PROBLEM TO WORK ON:
Below are entries; print them exactly from the first line through the one containing "- removed Q?".

ENTRIES SHOWN:
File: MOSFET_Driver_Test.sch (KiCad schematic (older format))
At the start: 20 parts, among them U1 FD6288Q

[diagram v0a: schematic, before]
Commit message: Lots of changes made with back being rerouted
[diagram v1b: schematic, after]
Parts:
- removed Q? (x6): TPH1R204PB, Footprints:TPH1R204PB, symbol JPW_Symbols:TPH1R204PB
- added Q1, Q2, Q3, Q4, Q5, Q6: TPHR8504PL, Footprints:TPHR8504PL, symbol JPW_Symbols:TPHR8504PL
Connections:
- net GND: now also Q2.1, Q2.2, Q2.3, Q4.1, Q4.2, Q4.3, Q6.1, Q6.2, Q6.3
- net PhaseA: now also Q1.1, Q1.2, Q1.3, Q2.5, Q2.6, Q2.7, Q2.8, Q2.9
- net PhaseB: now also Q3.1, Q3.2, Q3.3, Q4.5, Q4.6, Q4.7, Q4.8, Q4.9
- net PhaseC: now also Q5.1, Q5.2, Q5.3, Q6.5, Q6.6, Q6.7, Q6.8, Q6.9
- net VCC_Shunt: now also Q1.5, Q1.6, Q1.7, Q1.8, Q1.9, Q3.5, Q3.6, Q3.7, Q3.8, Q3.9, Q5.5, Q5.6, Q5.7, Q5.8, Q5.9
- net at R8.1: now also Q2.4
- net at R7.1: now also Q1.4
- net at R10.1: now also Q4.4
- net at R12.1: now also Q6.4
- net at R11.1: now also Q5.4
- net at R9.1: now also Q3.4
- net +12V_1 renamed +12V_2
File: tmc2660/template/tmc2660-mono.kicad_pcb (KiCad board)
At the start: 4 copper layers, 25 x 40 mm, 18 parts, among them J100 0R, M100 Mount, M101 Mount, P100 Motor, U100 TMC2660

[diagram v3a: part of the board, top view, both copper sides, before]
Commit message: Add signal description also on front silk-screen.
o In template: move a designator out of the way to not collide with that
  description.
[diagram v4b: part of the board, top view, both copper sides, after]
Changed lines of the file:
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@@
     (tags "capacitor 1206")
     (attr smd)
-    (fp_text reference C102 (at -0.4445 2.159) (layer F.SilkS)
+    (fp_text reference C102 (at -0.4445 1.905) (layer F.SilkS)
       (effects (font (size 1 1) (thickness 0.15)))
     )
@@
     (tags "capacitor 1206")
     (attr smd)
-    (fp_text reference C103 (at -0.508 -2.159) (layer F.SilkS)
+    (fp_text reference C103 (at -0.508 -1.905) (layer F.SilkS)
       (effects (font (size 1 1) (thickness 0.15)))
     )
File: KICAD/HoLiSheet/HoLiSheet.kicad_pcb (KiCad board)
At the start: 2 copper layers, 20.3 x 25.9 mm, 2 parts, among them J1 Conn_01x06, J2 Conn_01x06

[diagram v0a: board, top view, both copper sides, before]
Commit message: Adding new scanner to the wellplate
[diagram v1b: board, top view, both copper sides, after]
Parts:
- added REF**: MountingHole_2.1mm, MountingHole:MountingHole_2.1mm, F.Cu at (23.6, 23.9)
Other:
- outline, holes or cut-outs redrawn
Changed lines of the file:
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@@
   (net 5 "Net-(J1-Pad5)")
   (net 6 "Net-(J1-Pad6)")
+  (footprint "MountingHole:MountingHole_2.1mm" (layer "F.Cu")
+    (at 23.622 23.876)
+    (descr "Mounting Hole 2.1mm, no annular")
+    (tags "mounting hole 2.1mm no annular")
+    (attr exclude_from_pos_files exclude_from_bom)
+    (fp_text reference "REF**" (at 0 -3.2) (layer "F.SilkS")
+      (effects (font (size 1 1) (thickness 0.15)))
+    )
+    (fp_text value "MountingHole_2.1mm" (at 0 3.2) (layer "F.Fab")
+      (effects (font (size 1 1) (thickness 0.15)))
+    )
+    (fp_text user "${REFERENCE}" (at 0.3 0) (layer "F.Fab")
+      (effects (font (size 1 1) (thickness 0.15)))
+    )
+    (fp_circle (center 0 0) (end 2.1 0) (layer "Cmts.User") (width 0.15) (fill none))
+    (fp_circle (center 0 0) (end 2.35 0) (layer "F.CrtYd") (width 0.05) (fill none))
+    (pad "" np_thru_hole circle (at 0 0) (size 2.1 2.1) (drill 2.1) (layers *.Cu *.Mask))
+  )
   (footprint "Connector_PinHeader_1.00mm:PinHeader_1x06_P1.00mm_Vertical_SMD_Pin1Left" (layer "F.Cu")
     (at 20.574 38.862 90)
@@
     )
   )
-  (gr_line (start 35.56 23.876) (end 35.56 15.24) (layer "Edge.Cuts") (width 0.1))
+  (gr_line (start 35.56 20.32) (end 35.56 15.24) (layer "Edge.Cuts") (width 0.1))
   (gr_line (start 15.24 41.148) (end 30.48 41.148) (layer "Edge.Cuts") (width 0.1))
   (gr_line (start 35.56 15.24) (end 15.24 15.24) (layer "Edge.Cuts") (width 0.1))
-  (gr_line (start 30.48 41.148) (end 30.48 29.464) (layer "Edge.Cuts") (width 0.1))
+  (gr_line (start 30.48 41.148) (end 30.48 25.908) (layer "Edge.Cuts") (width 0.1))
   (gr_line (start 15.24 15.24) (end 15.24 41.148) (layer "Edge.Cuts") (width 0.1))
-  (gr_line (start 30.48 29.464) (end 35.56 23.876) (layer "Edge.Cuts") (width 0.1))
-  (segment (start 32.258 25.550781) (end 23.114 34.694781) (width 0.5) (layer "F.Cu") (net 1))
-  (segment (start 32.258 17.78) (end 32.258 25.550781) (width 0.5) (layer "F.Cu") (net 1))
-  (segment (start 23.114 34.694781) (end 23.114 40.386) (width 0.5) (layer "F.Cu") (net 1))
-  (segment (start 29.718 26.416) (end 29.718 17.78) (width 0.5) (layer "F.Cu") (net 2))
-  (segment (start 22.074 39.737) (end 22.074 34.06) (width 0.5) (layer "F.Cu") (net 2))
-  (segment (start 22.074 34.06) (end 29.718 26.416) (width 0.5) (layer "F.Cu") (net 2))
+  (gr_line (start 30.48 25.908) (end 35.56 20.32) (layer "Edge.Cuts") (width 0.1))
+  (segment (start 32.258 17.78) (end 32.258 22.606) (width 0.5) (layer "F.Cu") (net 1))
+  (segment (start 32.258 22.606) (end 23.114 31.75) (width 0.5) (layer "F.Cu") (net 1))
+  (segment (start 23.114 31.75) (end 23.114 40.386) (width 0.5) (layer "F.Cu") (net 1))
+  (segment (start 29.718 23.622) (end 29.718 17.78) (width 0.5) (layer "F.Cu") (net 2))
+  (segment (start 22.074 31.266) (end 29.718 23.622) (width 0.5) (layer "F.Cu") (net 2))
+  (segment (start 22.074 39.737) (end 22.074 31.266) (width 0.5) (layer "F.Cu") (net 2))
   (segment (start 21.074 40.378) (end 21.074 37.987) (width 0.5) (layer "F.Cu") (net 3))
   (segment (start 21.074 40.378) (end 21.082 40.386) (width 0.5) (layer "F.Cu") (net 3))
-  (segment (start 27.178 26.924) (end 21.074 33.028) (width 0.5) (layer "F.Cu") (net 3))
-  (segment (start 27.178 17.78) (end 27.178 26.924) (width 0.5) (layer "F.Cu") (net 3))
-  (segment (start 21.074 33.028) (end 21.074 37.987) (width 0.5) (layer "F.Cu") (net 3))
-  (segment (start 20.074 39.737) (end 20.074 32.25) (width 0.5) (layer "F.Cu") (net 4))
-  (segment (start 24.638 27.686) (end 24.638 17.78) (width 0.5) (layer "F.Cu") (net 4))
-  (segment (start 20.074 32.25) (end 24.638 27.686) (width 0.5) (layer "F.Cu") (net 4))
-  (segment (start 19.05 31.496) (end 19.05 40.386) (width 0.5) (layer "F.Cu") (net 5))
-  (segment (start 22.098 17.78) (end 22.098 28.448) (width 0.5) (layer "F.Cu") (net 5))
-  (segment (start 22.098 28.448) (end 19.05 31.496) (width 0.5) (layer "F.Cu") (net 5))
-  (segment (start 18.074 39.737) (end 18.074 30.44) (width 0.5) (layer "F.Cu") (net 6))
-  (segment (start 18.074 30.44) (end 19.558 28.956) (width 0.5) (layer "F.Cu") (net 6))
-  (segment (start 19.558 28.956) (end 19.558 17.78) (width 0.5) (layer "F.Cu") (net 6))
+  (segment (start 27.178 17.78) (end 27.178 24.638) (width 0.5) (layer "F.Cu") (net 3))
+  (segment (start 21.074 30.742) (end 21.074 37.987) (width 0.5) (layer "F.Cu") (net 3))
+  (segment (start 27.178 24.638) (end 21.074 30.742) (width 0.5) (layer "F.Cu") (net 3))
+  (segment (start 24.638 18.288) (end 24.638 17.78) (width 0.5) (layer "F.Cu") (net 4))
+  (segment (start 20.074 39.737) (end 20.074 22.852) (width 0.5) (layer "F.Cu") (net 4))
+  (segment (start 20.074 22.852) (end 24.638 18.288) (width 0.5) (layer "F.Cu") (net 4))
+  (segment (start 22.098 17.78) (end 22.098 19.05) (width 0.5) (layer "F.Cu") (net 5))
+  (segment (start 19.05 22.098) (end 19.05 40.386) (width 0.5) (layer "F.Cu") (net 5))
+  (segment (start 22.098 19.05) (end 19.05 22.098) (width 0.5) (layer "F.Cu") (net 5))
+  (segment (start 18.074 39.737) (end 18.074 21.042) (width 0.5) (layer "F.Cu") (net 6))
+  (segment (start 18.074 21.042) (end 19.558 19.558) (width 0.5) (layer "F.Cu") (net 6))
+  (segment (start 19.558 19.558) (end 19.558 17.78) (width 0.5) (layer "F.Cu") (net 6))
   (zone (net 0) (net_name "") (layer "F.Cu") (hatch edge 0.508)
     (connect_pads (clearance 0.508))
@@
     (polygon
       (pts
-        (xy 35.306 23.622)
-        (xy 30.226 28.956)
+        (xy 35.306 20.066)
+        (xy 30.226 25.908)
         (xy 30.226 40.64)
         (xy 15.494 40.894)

SOLVED PROBLEM:
File: MOSFET_Driver_Test.sch (KiCad schematic (older format))
At the start: 20 parts, among them U1 FD6288Q

[diagram v0a: schematic, before]
Commit message: Lots of changes made with back being rerouted
[diagram v1b: schematic, after]
Parts:
- removed Q? (x6): TPH1R204PB, Footprints:TPH1R204PB, symbol JPW_Symbols:TPH1R204PB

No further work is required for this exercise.